_TASK:_ Range to reproduce from the entries below: the line with "MATLAB Function1/1(P_kp1_k) -> Memory4/1", the line with "Memory3/1 -> MATLAB", and every line in between. Give them exactly and give nothing else.

= Beginning of Section =

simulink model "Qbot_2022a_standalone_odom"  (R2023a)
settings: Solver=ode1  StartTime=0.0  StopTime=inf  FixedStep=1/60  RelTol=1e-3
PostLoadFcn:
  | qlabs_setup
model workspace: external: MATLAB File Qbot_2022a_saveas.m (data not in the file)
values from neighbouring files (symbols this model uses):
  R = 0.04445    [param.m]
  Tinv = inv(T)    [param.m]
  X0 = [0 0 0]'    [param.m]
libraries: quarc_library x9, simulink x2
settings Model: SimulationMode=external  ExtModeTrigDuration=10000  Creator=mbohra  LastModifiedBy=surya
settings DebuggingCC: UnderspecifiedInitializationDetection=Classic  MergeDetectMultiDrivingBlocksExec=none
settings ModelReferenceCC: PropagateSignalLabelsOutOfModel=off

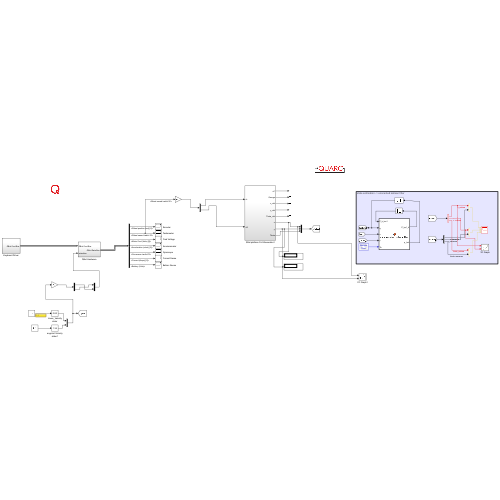
[thumbnail: Simulink's stored preview of the top-level diagram]
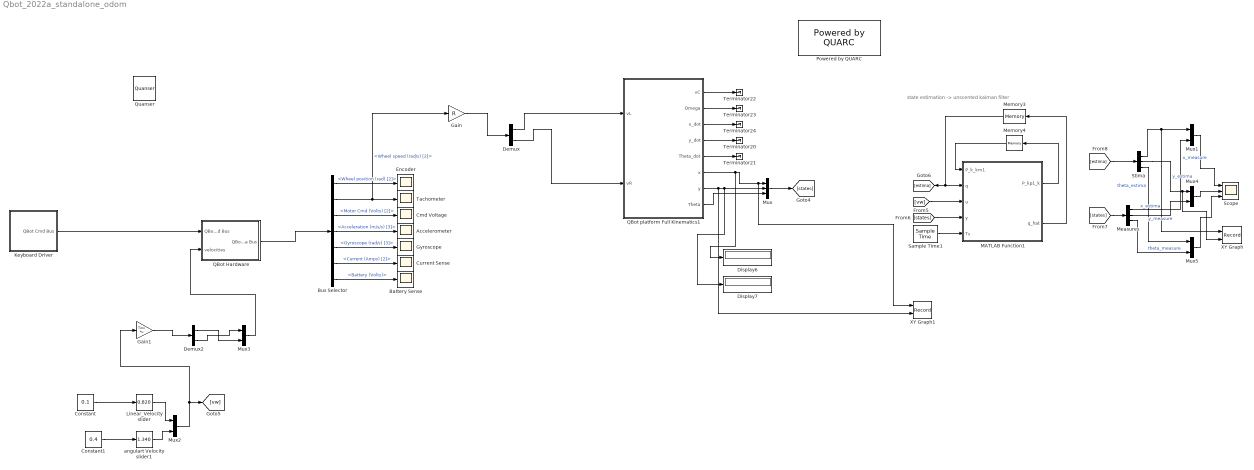
== system Qbot_2022a_standalone_odom ==
  note: state estimation -> unscented kalman filter
  Accelerometer : Scope
  Battery Sense : Scope
  Bus Selector : BusSelector  OutputSignals=Wheel position (rad) [2],Wheel speed (rad/s) [2],Motor Cmd (Volts) [2],Acceleration (m/s/s) [3],Gyroscope (rad/s) [3],Current (Amps) [2],Battery (Volts)
  Cmd Voltage : Scope
  Constant : Constant  Value=0.1
  Constant1 : Constant  Value=0.4
  Current Sense : Scope
  Demux : Demux  Outputs=2
  Demux2 : Demux  Outputs=2
  Display6 : Display
  Display7 : Display
  Encoder : Scope
  Gain : Gain  Gain=R
  Gain1 : Gain  Gain=Tinv  Multiplication=Matrix(K*u)
  Gyroscope : Scope
  Keyboard Driver : Subsystem
  Linear_Velocity slider : simulink/Math Operations/Slider Gain  gain=0.820  low=0  high=2
  MATLAB Function1 : MATLAB Function  TreatAsAtomicUnit=on
  Measures : Demux  Outputs=3
  Memory3 : Memory  InitialCondition=X0
  Memory4 : Memory  InitialCondition=1e-3*eye(3)
  Mux : Mux  Inputs=3
  Mux{1..5} (5 alike) : Mux  Inputs=2
  Powered by QUARC : quarc_library/Logos/Powered by QUARC
  QBot Hardware : Subsystem
  QBot platform Full Kinematics1 : Subsystem
  Quanser : quarc_library/Logos/Quanser
  Sample Time1 : quarc_library/Sources/Time/Sample Time  Priority=-99  sample_time=Ts
  Scope : Scope  NumInputPorts=3
  Stima : Demux  Outputs=3
  Tachometer : Scope
  Terminator{20..24} (5 alike) : Terminator
  XY Graph : Record  FileSettingsInternal="{\"entries\":[{\"content\":{\"excelSettings\":{\"content\":{},\"type\":\"Streamout.ExcelSettings\"}},\"type\":\"Streamout.FileSettingStorage\",\"uuid\":\"\"}],\"packageUris\":[\"http:\\/\\/schema.mathworks.com\\/mf0\\/streamout_blocks\\/R2020a\"],\"version\":\"1.0\"}"  Layout=[1 1]  SignalsInternal="{\"entries\":[{\"content\":{\"signals\":[{\"content\":{\"blockPath\":[],\"dimensions\":[1,1],\"domain\":\"\",\"lineColor\":\"#a2142f\",\"plots\":[1],\"port\":1,\"sid\":[\"\"],\"signalID\":12210,\"signalName\":\"x_estima\"},\"type\":\"RecordBlkView.Signal\",\"uuid\":\"\"},{\"content\":{\"blockPath\":[],\"dimensions\":[1,1],\"domain\":\"\",\"lineColor\":\"#139fff\",\"plots\":[1],\"port\":2,\"sid\":[\"\"],\"signalID\":12214,\"signalName\":\"y_estima\"},\"type\":\"RecordBlkView.Signal\",\"uuid\":\"\"}]},\"type\":\"RecordBlkView.InputSignals\",\"uuid\":\"\"}],\"packageUris\":[\"http:\\/\\/schema.mathworks.com\\/mf0\\/streamout_blocks\\/R2020a\"],\"version\":\"1.0\"}"  VisualizationBindings="{\"xyplotplugin\":{\"info\":[{\"series\":[{\"bindingParametersList\":[{\"parameter\":\"X-Axis\",\"signalID\":12210,\"signalName\":\"x_estima\"},{\"parameter\":\"Y-Axis\",\"signalID\":12214,\"signalName\":\"y_estima\"}],\"seriesID\":53143}],\"subplotID\":1}]}}"  CompatibilityTag=XY
  XY Graph1 : Record  FileSettingsInternal="{\"entries\":[{\"content\":{\"excelSettings\":{\"content\":{},\"type\":\"Streamout.ExcelSettings\"}},\"type\":\"Streamout.FileSettingStorage\",\"uuid\":\"\"}],\"packageUris\":[\"http:\\/\\/schema.mathworks.com\\/mf0\\/streamout_blocks\\/R2020a\"],\"version\":\"1.0\"}"  Layout=[1 1]  SignalsInternal="{\"entries\":[{\"content\":{\"signals\":[{\"content\":{\"blockPath\":[],\"dimensions\":[1],\"domain\":\"\",\"lineColor\":\"#0072bd\",\"port\":1,\"sid\":[\"\"],\"signalID\":12218,\"signalName\":\"QBot platform Full Kinematics1:6\"},\"type\":\"RecordBlkView.Signal\",\"uuid\":\"\"},{\"content\":{\"blockPath\":[],\"dimensions\":[1],\"domain\":\"\",\"lineColor\":\"#d95319\",\"port\":2,\"sid\":[\"\"],\"signalID\":12222,\"signalName\":\"QBot platform Full Kinematics1:7\"},\"type\":\"RecordBlkView.Signal\",\"uuid\":\"\"}]},\"type\":\"RecordBlkView.InputSignals\",\"uuid\":\"\"}],\"packageUris\":[\"http:\\/\\/schema.mathworks.com\\/mf0\\/streamout_blocks\\/R2020a\"],\"version\":\"1.0\"}"  VisualizationBindings="{\"xyplotplugin\":{\"info\":[{\"series\":[{\"bindingParametersList\":[{\"parameter\":\"X-Axis\",\"signalID\":7088,\"signalName\":\"reference_trajectory1:1\"},{\"parameter\":\"Y-Axis\",\"signalID\":7092,\"signalName\":\"reference_trajectory1:2\"}],\"seriesID\":58991}],\"subplotID\":1}]}}"  CompatibilityTag=XY
  angulart Velocity slider1 : simulink/Math Operations/Slider Gain  gain=1.340  low=0  high=2
  wires:
  Bus Selector/7 -> Battery Sense/1  "<Battery (Volts)>"
  Keyboard Driver/1(QBot Cmd Bus) -> QBot Hardware/1(QBot Cmd Bus)
  Bus Selector/1 -> Encoder/1  "<Wheel position (rad) [2]>"
  Bus Selector/3 -> Cmd Voltage/1  "<Motor Cmd (Volts) [2]>"
  Bus Selector/4 -> Accelerometer/1  "<Acceleration (m/s/s) [3]>"
  QBot Hardware/1(QBot Data Bus) -> Bus Selector/1
  Bus Selector/6 -> Current Sense/1  "<Current (Amps) [2]>"
  Bus Selector/5 -> Gyroscope/1  "<Gyroscope (rad/s) [3]>"
  Demux/2 -> QBot platform Full Kinematics1/2(vR)
  QBot platform Full Kinematics1/4(y_dot) -> Terminator20/1
  Demux/1 -> QBot platform Full Kinematics1/1(vL)
  QBot platform Full Kinematics1/6(x) -> XY Graph1/1, Mux/1, Display6/1
  QBot platform Full Kinematics1/8(Theta) -> Mux/3
  Mux/1 -> [states]
  QBot platform Full Kinematics1/2(Omega) -> Terminator23/1
  QBot platform Full Kinematics1/7(y) -> Mux/2, Display7/1, XY Graph1/2
  QBot platform Full Kinematics1/1(vC) -> Terminator22/1
  QBot platform Full Kinematics1/3(x_dot) -> Terminator24/1
  QBot platform Full Kinematics1/5(Theta_dot) -> Terminator21/1
  Gain/1 -> Demux/1
  Bus Selector/2 -> Gain/1, Tachometer/1  "<Wheel speed (rad/s) [2]>"
  MATLAB Function1/1(P_kp1_k) -> Memory4/1
  [states] -> MATLAB Function1/4(y)
  Stima/3 -> Mux5/1  "theta_estima"
  MATLAB Function1/2(q_hat) -> Memory3/1
  Sample Time1/1 -> MATLAB Function1/5(Ts)
  Stima/2 -> XY Graph/2, Mux4/1  "y_estima"
  Measures/1 -> Mux1/2  "x_measure"
  Measures/2 -> Mux4/2  "y_measure"
  Mux1/1 -> Scope/1
  Memory3/1 -> MATLAB Function1/2(q), [estima]
  Mux5/1 -> Scope/3
  Mux4/1 -> Scope/2
  [states] -> Measures/1
  Measures/3 -> Mux5/2  "theta_measure"
  Stima/1 -> XY Graph/1, Mux1/1  "x_estima"
  [vw] -> MATLAB Function1/3(u)
  [estima] -> Stima/1
  Memory4/1 -> MATLAB Function1/1(P_k_km1)
  Gain1/1 -> Demux2/1
  Demux2/1 -> Mux3/2
  Demux2/2 -> Mux3/1
  Mux3/1 -> QBot Hardware/2(velocities)
  Constant/1 -> Linear_Velocity slider/1
  Constant1/1 -> angulart Velocity slider1/1
  Linear_Velocity slider/1 -> Mux2/1
  angulart Velocity slider1/1 -> Mux2/2
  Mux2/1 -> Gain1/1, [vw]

= End of Section =

_EXERCISE SOLUTION:_
  MATLAB Function1/1(P_kp1_k) -> Memory4/1
  [states] -> MATLAB Function1/4(y)
  Stima/3 -> Mux5/1  "theta_estima"
  MATLAB Function1/2(q_hat) -> Memory3/1
  Sample Time1/1 -> MATLAB Function1/5(Ts)
  Stima/2 -> XY Graph/2, Mux4/1  "y_estima"
  Measures/1 -> Mux1/2  "x_measure"
  Measures/2 -> Mux4/2  "y_measure"
  Mux1/1 -> Scope/1
  Memory3/1 -> MATLAB Function1/2(q), [estima]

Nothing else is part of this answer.